Looking at the records below, count how many lines contain the string "dimfxl". Give that number alone.
====== Input material ======
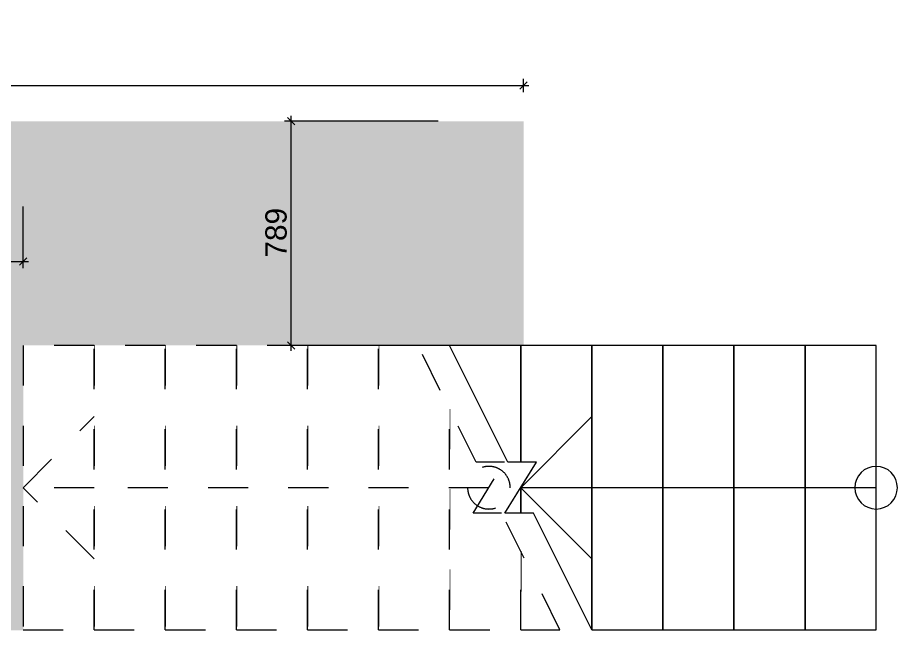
# Model space of a CAD drawing. Header units: millimetres. Extents: x 2336463 to 2579121, y 595385 to 778077.
# Drawn here: x 2524301 to 2527395, y 661203 to 663357 of the extents above; entities that cross this region are included whole.
import ezdxf

# ---------------------------------------------------------------- set-up
doc = ezdxf.new("R2010")
doc.units = ezdxf.units.MM
doc.header["$MEASUREMENT"] = 0
for name, pattern in [('Wipeout_Contour', [1000, 0, -1000]), ('Пунктирная', [88.194442, 0, -88.194442]), ('Штриховая', [282.222223, 141.111112, -141.111112])]:
    doc.linetypes.add(name, pattern=pattern)
doc.layers.add('+комнаты_Ном._пера__100', color=2, linetype='Continuous', lineweight=5)
doc.layers.add('1 Планировка размеры', color=7, linetype='Continuous')
doc.layers.add('Конструктив - Лестницы', color=7, linetype='Continuous')
for name, color, linetype, lineweight, true_color in [('1 Планировка размеры_Ном._пера__242', 7, 'Continuous', 13, 0x1b55b5), ('Конструктив - Лестницы_Ном._пера__11', 7, 'Continuous', 15, 0x6c80ff), ('Конструктив - Стены Несущие_Ном._пера__103', 7, 'Continuous', 5, 0xffcc99)]:
    doc.layers.add(name, color=color, linetype=linetype, lineweight=lineweight, true_color=true_color)
doc.styles.add('СГЕНЕРИР_СТИЛЬ_1', font='arial.ttf')
doc.dimstyles.new('СГЕНЕРИР_СТИЛЬ__1', dxfattribs={"dimtxt": 75, "dimasz": 23.75, "dimexe": 0.18, "dimexo": 300, "dimgap": 0, "dimtad": 1, "dimtih": 1, "dimtoh": 1, "dimdec": 0, "dimzin": 0, "dimdsep": 46, "dimtxsty": 'СГЕНЕРИР_СТИЛЬ_1', "dimblk": 'ARROWHEAD_6', "dimblk1": 'ARROWHEAD_6', "dimblk2": 'ARROWHEAD_6', "dimcen": 0.09, "dimclrd": 256, "dimclre": 256, "dimclrt": 256, "dimazin": 0, "dimtfac": 1, "dimtdec": 4, "dimtmove": 0, "dimatfit": 3, "dimfxl": 0, "dimtolj": 1, "dimtzin": 0, "dimarcsym": 0})
doc.dimstyles.new('СГЕНЕРИР_СТИЛЬ__2', dxfattribs={"dimtxt": 75, "dimasz": 23.75, "dimexe": 0.18, "dimexo": 300, "dimgap": 0, "dimtad": 1, "dimdec": 0, "dimzin": 0, "dimdsep": 46, "dimtxsty": 'СГЕНЕРИР_СТИЛЬ_1', "dimblk": 'ARROWHEAD_6', "dimblk1": 'ARROWHEAD_6', "dimblk2": 'ARROWHEAD_6', "dimcen": 0.09, "dimclrd": 256, "dimclre": 256, "dimclrt": 256, "dimazin": 0, "dimtfac": 1, "dimtdec": 4, "dimtmove": 0, "dimatfit": 3, "dimfxl": 0, "dimtolj": 1, "dimtzin": 0, "dimarcsym": 0})

# ---------------------------------------------------------------- blocks, each defined once
blk = doc.blocks.new('Лестница_7', base_point=(2086872, 585813.7))
at = {"color": 254, "linetype": 'Wipeout_Contour', "lineweight": 0, "ltscale": 10449550.74468224}
blk.add_wipeout([(2527070.4, 662204.4), (2527070.4, 661204.4), (2527320.4, 661204.4), (2527320.4, 662204.4)], dxfattribs=at).dxf.layer = 'Конструктив - Лестницы'
at = {"layer": 'Конструктив - Лестницы_Ном._пера__11', "color": 171, "linetype": 'Continuous', "lineweight": 15, "true_color": 0x6c80ff}
for p, q in [((2527320.4, 662204.4), (2527070.4, 662204.4)), ((2527070.4, 662204.4), (2527070.4, 661204.4)), ((2527320.4, 661204.4), (2527320.4, 662204.4)), ((2527070.4, 661204.4), (2527320.4, 661204.4))]:
    blk.add_line(p, q, dxfattribs=at)
for start, end in [(0, 180), (180, 0)]:
    blk.add_arc((2527320.4, 661704.4), 75, start, end, dxfattribs=at)
at = {"color": 254, "linetype": 'Wipeout_Contour', "lineweight": 0, "ltscale": 10448583.35867333}
blk.add_wipeout([(2526820.4, 662204.4), (2526820.4, 661204.4), (2527070.4, 661204.4), (2527070.4, 662204.4)], dxfattribs=at).dxf.layer = 'Конструктив - Лестницы'
at = {"layer": 'Конструктив - Лестницы_Ном._пера__11', "color": 171, "linetype": 'Continuous', "lineweight": 15, "true_color": 0x6c80ff}
for p, q in [((2527070.4, 662204.4), (2526820.4, 662204.4)), ((2526820.4, 662204.4), (2526820.4, 661204.4)), ((2527070.4, 661204.4), (2527070.4, 662204.4)), ((2527320.4, 661704.4), (2527070.4, 661704.4)), ((2526820.4, 661204.4), (2527070.4, 661204.4))]:
    blk.add_line(p, q, dxfattribs=at)
at = {"color": 254, "linetype": 'Wipeout_Contour', "lineweight": 0, "ltscale": 10447615.97876268}
blk.add_wipeout([(2526570.4, 662204.4), (2526570.4, 661204.4), (2526820.4, 661204.4), (2526820.4, 662204.4)], dxfattribs=at).dxf.layer = 'Конструктив - Лестницы'
at = {"layer": 'Конструктив - Лестницы_Ном._пера__11', "color": 171, "linetype": 'Continuous', "lineweight": 15, "true_color": 0x6c80ff}
for p, q in [((2526820.4, 662204.4), (2526570.4, 662204.4)), ((2526570.4, 662204.4), (2526570.4, 661204.4)), ((2526820.4, 661204.4), (2526820.4, 662204.4)), ((2526570.4, 661204.4), (2526820.4, 661204.4))]:
    blk.add_line(p, q, dxfattribs=at)
at = {"color": 254, "linetype": 'Wipeout_Contour', "lineweight": 0, "ltscale": 10446648.60499527}
blk.add_wipeout([(2526320.4, 661204.4), (2526570.4, 661204.4), (2526570.4, 662204.4), (2526320.4, 662204.4)], dxfattribs=at).dxf.layer = 'Конструктив - Лестницы'
at = {"layer": 'Конструктив - Лестницы_Ном._пера__11', "color": 171, "linetype": 'Continuous', "lineweight": 15, "true_color": 0x6c80ff}
for p, q in [((2526570.4, 662204.4), (2526320.4, 662204.4)), ((2526320.4, 662204.4), (2526320.4, 661204.4)), ((2526570.4, 661204.4), (2526570.4, 662204.4)), ((2526320.4, 661204.4), (2526570.4, 661204.4))]:
    blk.add_line(p, q, dxfattribs=at)
at = {"color": 254, "linetype": 'Wipeout_Contour', "lineweight": 0, "ltscale": 20891103.68534182}
blk.add_wipeout([(2526320.4, 662204.4), (2526070.4, 662204.4), (2526070.4, 661793.9), (2526125.6, 661793.9), (2526070.4, 661704.4), (2526070.4, 661615), (2526115.1, 661615), (2526320.4, 661204.4)], dxfattribs=at).dxf.layer = 'Конструктив - Лестницы'
at = {"layer": 'Конструктив - Лестницы_Ном._пера__11', "color": 171, "linetype": 'Continuous', "lineweight": 15, "true_color": 0x6c80ff}
for p, q in [((2526320.4, 662204.4), (2526070.4, 662204.4)), ((2526070.4, 662204.4), (2526070.4, 661793.9)), ((2526320.4, 661204.4), (2526320.4, 662204.4)), ((2526070.4, 661704.4), (2526070.4, 661615))]:
    blk.add_line(p, q, dxfattribs=at)
at = {"color": 254, "linetype": 'Wipeout_Contour', "lineweight": 0, "ltscale": 7833722.117931559}
blk.add_wipeout([(2526070.4, 661204.4), (2526208.6, 661204.4), (2526070.4, 661480.8)], dxfattribs=at).dxf.layer = 'Конструктив - Лестницы'
at = {"layer": 'Конструктив - Лестницы_Ном._пера__11', "color": 171, "linetype": 'Continuous', "lineweight": 15, "true_color": 0x6c80ff}
blk.add_line((2526320.4, 661204.4), (2526115.1, 661615), dxfattribs=at)
at = {"layer": 'Конструктив - Лестницы_Ном._пера__11', "color": 171, "linetype": 'Штриховая', "lineweight": 15, "true_color": 0x6c80ff}
for p, q in [((2526070.4, 661480.8), (2526070.4, 661204.4)), ((2526070.4, 661204.4), (2526208.6, 661204.4))]:
    blk.add_line(p, q, dxfattribs=at)
at = {"color": 254, "linetype": 'Wipeout_Contour', "lineweight": 0, "ltscale": 10445210.31514977}
blk.add_wipeout([(2525820.4, 662204.4), (2526025.6, 661793.9), (2526070.4, 661793.9), (2526070.4, 662204.4)], dxfattribs=at).dxf.layer = 'Конструктив - Лестницы'
at = {"color": 254, "linetype": 'Wipeout_Contour', "lineweight": 0, "ltscale": 7833798.62007509}
blk.add_wipeout([(2526015.1, 661615), (2526070.4, 661615), (2526070.4, 661704.4)], dxfattribs=at).dxf.layer = 'Конструктив - Лестницы'
at = {"layer": 'Конструктив - Лестницы_Ном._пера__11', "color": 171, "linetype": 'Continuous', "lineweight": 15, "true_color": 0x6c80ff}
for p, q in [((2526070.4, 662204.4), (2525820.4, 662204.4)), ((2526070.4, 661793.9), (2526070.4, 662204.4)), ((2526070.4, 661615), (2526070.4, 661704.4))]:
    blk.add_line(p, q, dxfattribs=at)
at = {"color": 254, "linetype": 'Wipeout_Contour', "lineweight": 0, "ltscale": 20889238.32323603}
blk.add_wipeout([(2525913.8, 661793.9), (2525820.4, 661980.8), (2525820.4, 661204.4), (2526070.4, 661204.4), (2526070.4, 661480.8), (2526003.3, 661615), (2525903.3, 661615), (2526013.8, 661793.9)], dxfattribs=at).dxf.layer = 'Конструктив - Лестницы'
at = {"layer": 'Конструктив - Лестницы_Ном._пера__11', "color": 171, "linetype": 'Штриховая', "lineweight": 15, "true_color": 0x6c80ff}
for p, q in [((2525820.4, 661980.8), (2525820.4, 661204.4)), ((2525903.3, 661615), (2526013.8, 661793.9)), ((2526013.8, 661793.9), (2525913.8, 661793.9)), ((2526003.3, 661615), (2525903.3, 661615)), ((2526208.6, 661204.4), (2526003.3, 661615)), ((2526070.4, 661204.4), (2526070.4, 661480.8)), ((2525820.4, 661204.4), (2526070.4, 661204.4))]:
    blk.add_line(p, q, dxfattribs=at)
at = {"layer": 'Конструктив - Лестницы_Ном._пера__11', "color": 171, "linetype": 'Continuous', "lineweight": 15, "true_color": 0x6c80ff}
for p, q in [((2526070.4, 661704.4), (2526320.4, 661954.4)), ((2526015.1, 661615), (2526125.6, 661793.9)), ((2526125.6, 661793.9), (2526025.6, 661793.9)), ((2527070.4, 661704.4), (2526070.4, 661704.4)), ((2526320.4, 661454.4), (2526070.4, 661704.4)), ((2526115.1, 661615), (2526015.1, 661615))]:
    blk.add_line(p, q, dxfattribs=at)
at = {"layer": 'Конструктив - Лестницы_Ном._пера__11', "color": 171, "linetype": 'Штриховая', "lineweight": 15, "true_color": 0x6c80ff}
for start, end in [(0, 180), (180, 0)]:
    blk.add_arc((2525958.6, 661704.4), 75, start, end, dxfattribs=at)
at = {"color": 254, "linetype": 'Wipeout_Contour', "lineweight": 0, "ltscale": 13054765.95427891}
blk.add_wipeout([(2525570.4, 662204.4), (2525570.4, 661204.4), (2525820.4, 661204.4), (2525820.4, 661980.8), (2525708.6, 662204.4)], dxfattribs=at).dxf.layer = 'Конструктив - Лестницы'
at = {"layer": 'Конструктив - Лестницы_Ном._пера__11', "color": 171, "linetype": 'Штриховая', "lineweight": 15, "true_color": 0x6c80ff}
for p, q in [((2525708.6, 662204.4), (2525570.4, 662204.4)), ((2525570.4, 662204.4), (2525570.4, 661204.4)), ((2525913.8, 661793.9), (2525708.6, 662204.4)), ((2525820.4, 661204.4), (2525820.4, 661980.8)), ((2525570.4, 661204.4), (2525820.4, 661204.4))]:
    blk.add_line(p, q, dxfattribs=at)
at = {"layer": 'Конструктив - Лестницы_Ном._пера__11', "color": 171, "linetype": 'Continuous', "lineweight": 15, "true_color": 0x6c80ff}
blk.add_line((2526025.6, 661793.9), (2525820.4, 662204.4), dxfattribs=at)
at = {"color": 254, "linetype": 'Wipeout_Contour', "lineweight": 0, "ltscale": 10442779.17148712}
blk.add_wipeout([(2525320.4, 661204.4), (2525570.4, 661204.4), (2525570.4, 662204.4), (2525320.4, 662204.4)], dxfattribs=at).dxf.layer = 'Конструктив - Лестницы'
at = {"layer": 'Конструктив - Лестницы_Ном._пера__11', "color": 171, "linetype": 'Штриховая', "lineweight": 15, "true_color": 0x6c80ff}
for p, q in [((2525570.4, 662204.4), (2525320.4, 662204.4)), ((2525320.4, 662204.4), (2525320.4, 661204.4)), ((2525570.4, 661204.4), (2525570.4, 662204.4)), ((2525320.4, 661204.4), (2525570.4, 661204.4))]:
    blk.add_line(p, q, dxfattribs=at)
at = {"color": 254, "linetype": 'Wipeout_Contour', "lineweight": 0, "ltscale": 10441811.82852095}
blk.add_wipeout([(2525070.4, 661204.4), (2525320.4, 661204.4), (2525320.4, 662204.4), (2525070.4, 662204.4)], dxfattribs=at).dxf.layer = 'Конструктив - Лестницы'
at = {"layer": 'Конструктив - Лестницы_Ном._пера__11', "color": 171, "linetype": 'Штриховая', "lineweight": 15, "true_color": 0x6c80ff}
for p, q in [((2525320.4, 662204.4), (2525070.4, 662204.4)), ((2525070.4, 662204.4), (2525070.4, 661204.4)), ((2525320.4, 661204.4), (2525320.4, 662204.4)), ((2525070.4, 661204.4), (2525320.4, 661204.4))]:
    blk.add_line(p, q, dxfattribs=at)
at = {"color": 254, "linetype": 'Wipeout_Contour', "lineweight": 0, "ltscale": 10440844.49165383}
blk.add_wipeout([(2524820.4, 661204.4), (2525070.4, 661204.4), (2525070.4, 662204.4), (2524820.4, 662204.4)], dxfattribs=at).dxf.layer = 'Конструктив - Лестницы'
at = {"layer": 'Конструктив - Лестницы_Ном._пера__11', "color": 171, "linetype": 'Штриховая', "lineweight": 15, "true_color": 0x6c80ff}
for p, q in [((2525070.4, 662204.4), (2524820.4, 662204.4)), ((2524820.4, 662204.4), (2524820.4, 661204.4)), ((2525070.4, 661204.4), (2525070.4, 662204.4)), ((2524820.4, 661204.4), (2525070.4, 661204.4))]:
    blk.add_line(p, q, dxfattribs=at)
at = {"color": 254, "linetype": 'Wipeout_Contour', "lineweight": 0, "ltscale": 10439877.1609419}
blk.add_wipeout([(2524570.4, 661204.4), (2524820.4, 661204.4), (2524820.4, 662204.4), (2524570.4, 662204.4)], dxfattribs=at).dxf.layer = 'Конструктив - Лестницы'
at = {"layer": 'Конструктив - Лестницы_Ном._пера__11', "color": 171, "linetype": 'Штриховая', "lineweight": 15, "true_color": 0x6c80ff}
for p, q in [((2524820.4, 662204.4), (2524570.4, 662204.4)), ((2524570.4, 662204.4), (2524570.4, 661204.4)), ((2524820.4, 661204.4), (2524820.4, 662204.4)), ((2524570.4, 661204.4), (2524820.4, 661204.4))]:
    blk.add_line(p, q, dxfattribs=at)
at = {"color": 254, "linetype": 'Wipeout_Contour', "lineweight": 0, "ltscale": 10438909.8364413}
blk.add_wipeout([(2524320.4, 661204.4), (2524570.4, 661204.4), (2524570.4, 662204.4), (2524320.4, 662204.4)], dxfattribs=at).dxf.layer = 'Конструктив - Лестницы'
at = {"layer": 'Конструктив - Лестницы_Ном._пера__11', "color": 171, "linetype": 'Штриховая', "lineweight": 15, "true_color": 0x6c80ff}
for p, q in [((2524570.4, 662204.4), (2524320.4, 662204.4)), ((2524320.4, 662204.4), (2524320.4, 661204.4)), ((2524570.4, 661204.4), (2524570.4, 662204.4)), ((2524320.4, 661704.4), (2524570.4, 661954.4)), ((2524570.4, 661704.4), (2524320.4, 661704.4)), ((2524570.4, 661454.4), (2524320.4, 661704.4)), ((2525958.6, 661704.4), (2524570.4, 661704.4)), ((2524320.4, 661204.4), (2524570.4, 661204.4))]:
    blk.add_line(p, q, dxfattribs=at)
blk = doc.blocks.new('*D2724', base_point=(2086872, 585813.7))
at = {"layer": '1 Планировка размеры_Ном._пера__242', "color": 152, "linetype": 'Continuous', "lineweight": 13, "true_color": 0x1b55b5}
for p, q in [((2521480.2, 663095.1), (2521480.2, 663142)), ((2526080.4, 663095.1), (2526080.4, 663142)), ((2521461.5, 663118.5), (2521480.2, 663118.5)), ((2521492.7, 663131), (2521467.7, 663106)), ((2521480.2, 663118.5), (2526080.4, 663118.5)), ((2526067.9, 663106), (2526092.9, 663131)), ((2526080.4, 663118.5), (2526099.1, 663118.5))]:
    blk.add_line(p, q, dxfattribs=at)
at = {"layer": '1 Планировка размеры_Ном._пера__242', "color": 152, "lineweight": 13, "true_color": 0x1b55b5, "insert": (2523652.1, 663133.5), "char_height": 75, "attachment_point": 7, "style": 'СГЕНЕРИР_СТИЛЬ_1'}
blk.add_mtext('\\A1;{\\pql;\\fArial|b0|i0|c204|p38;4\xa0600}', dxfattribs=at)
blk = doc.blocks.new('ARROWHEAD_6')
at = {"color": 0, "linetype": 'Continuous', "lineweight": 0}
for p, q in [((0, 0), (-1, 0)), ((-0.5, -0.5), (0.5, 0.5))]:
    blk.add_line(p, q, dxfattribs=at)
blk = doc.blocks.new('*D2735', base_point=(2086872, 585813.7))
at = {"layer": '1 Планировка размеры_Ном._пера__242', "color": 152, "linetype": 'Continuous', "lineweight": 13, "true_color": 0x1b55b5}
for p, q in [((2524320.6, 662476.4), (2524320.6, 662693)), ((2523756.5, 662476.4), (2523756.5, 662523.3)), ((2523769, 662512.3), (2523744, 662487.3)), ((2523756.5, 662499.8), (2524320.6, 662499.8)), ((2524308.1, 662487.3), (2524333.1, 662512.3)), ((2524320.6, 662499.8), (2524339.4, 662499.8))]:
    blk.add_line(p, q, dxfattribs=at)
at = {"layer": '1 Планировка размеры_Ном._пера__242', "color": 152, "lineweight": 13, "true_color": 0x1b55b5, "insert": (2523953.2, 662514.8), "char_height": 75, "attachment_point": 7, "style": 'СГЕНЕРИР_СТИЛЬ_1'}
blk.add_mtext('\\A1;{\\pql;\\fArial|b0|i0|c204|p38;564}', dxfattribs=at)
blk = doc.blocks.new('*D2736', base_point=(2086872, 585813.7))
at = {"layer": '1 Планировка размеры_Ном._пера__242', "color": 152, "linetype": 'Continuous', "lineweight": 13, "true_color": 0x1b55b5}
for p, q in [((2525263.3, 662993), (2525263.3, 663011.8)), ((2525780.4, 662993), (2525239.9, 662993)), ((2525275.8, 662980.5), (2525250.8, 663005.5)), ((2525263.3, 662204.4), (2525263.3, 662993)), ((2525250.8, 662216.9), (2525275.8, 662191.9)), ((2526020.4, 662204.4), (2525239.9, 662204.4)), ((2525263.3, 662185.7), (2525263.3, 662204.4))]:
    blk.add_line(p, q, dxfattribs=at)
at = {"layer": '1 Планировка размеры_Ном._пера__242', "color": 152, "lineweight": 13, "true_color": 0x1b55b5, "insert": (2525248.3, 662513.4), "char_height": 75, "attachment_point": 7, "rotation": 90, "style": 'СГЕНЕРИР_СТИЛЬ_1'}
blk.add_mtext('\\A1;{\\pql;\\fArial|b0|i0|c204|p38;789}', dxfattribs=at)

msp = doc.modelspace()

# ---------------------------------------------------------------- block references
at = {"layer": 'Конструктив - Лестницы', "color": 8, "linetype": 'Пунктирная', "lineweight": 15}
msp.add_blockref('Лестница_7', (2086872, 585813.7), dxfattribs=at)

# ---------------------------------------------------------------- dimensions: what is measured, and where the dimension line sits
at = {"layer": '1 Планировка размеры', "color": 152, "linetype": 'Continuous', "lineweight": 13, "true_color": 0x1b55b5}
for base, p1, p2, picture, middle in [((2526080.4, 663118.5), (2521480.2, 662993), (2526080.4, 662993), '*D2724', (2523780.9, 663171)), ((2524320.6, 662499.8), (2523756.5, 662293), (2524320.6, 662993), '*D2735', (2524038.9, 662552.3))]:
    dim = msp.add_linear_dim(base=base, p1=p1, p2=p2, dimstyle='СГЕНЕРИР_СТИЛЬ__1', dxfattribs=at)
    dim.commit()
    dim.dimension.update_dxf_attribs({"geometry": picture, "text_midpoint": middle, "dimtype": 160})

# ---------------------------------------------------------------- next in the draw order: hatches: boundary and pattern name
at = {"layer": '+комнаты_Ном._пера__100', "linetype": 'Continuous', "lineweight": 5}
msp.add_hatch(color=2, dxfattribs=at).paths.add_polyline_path([(2526080.4, 662993), (2525480.4, 662993), (2525480.4, 662204.4), (2526080.4, 662204.4)])
at = {"layer": 'Конструктив - Стены Несущие_Ном._пера__103', "linetype": 'Continuous', "lineweight": 0, "true_color": 0x3f3326}
msp.add_hatch(color=29, dxfattribs=at).paths.add_polyline_path([(2521480.2, 661202.6), (2521480.2, 662993), (2524320.6, 662993), (2526080.4, 662993), (2526080.4, 662204.4), (2524320.6, 662204.4), (2524320.6, 661202.6)])

# ---------------------------------------------------------------- next in the draw order: dimensions: what is measured, and where the dimension line sits
at = {"layer": '1 Планировка размеры', "color": 152, "linetype": 'Continuous', "lineweight": 13, "true_color": 0x1b55b5}
dim = msp.add_linear_dim(base=(2525263.3, 662993), p1=(2526320.4, 662204.4), p2=(2526080.4, 662993), angle=90, dimstyle='СГЕНЕРИР_СТИЛЬ__2', dxfattribs=at)
dim.commit()
dim.dimension.update_dxf_attribs({"geometry": '*D2736', "text_midpoint": (2525210.8, 662599.1), "dimtype": 160, "text_rotation": 90})

doc.saveas('drawing.dxf')
======
- _Result for this exercise_
2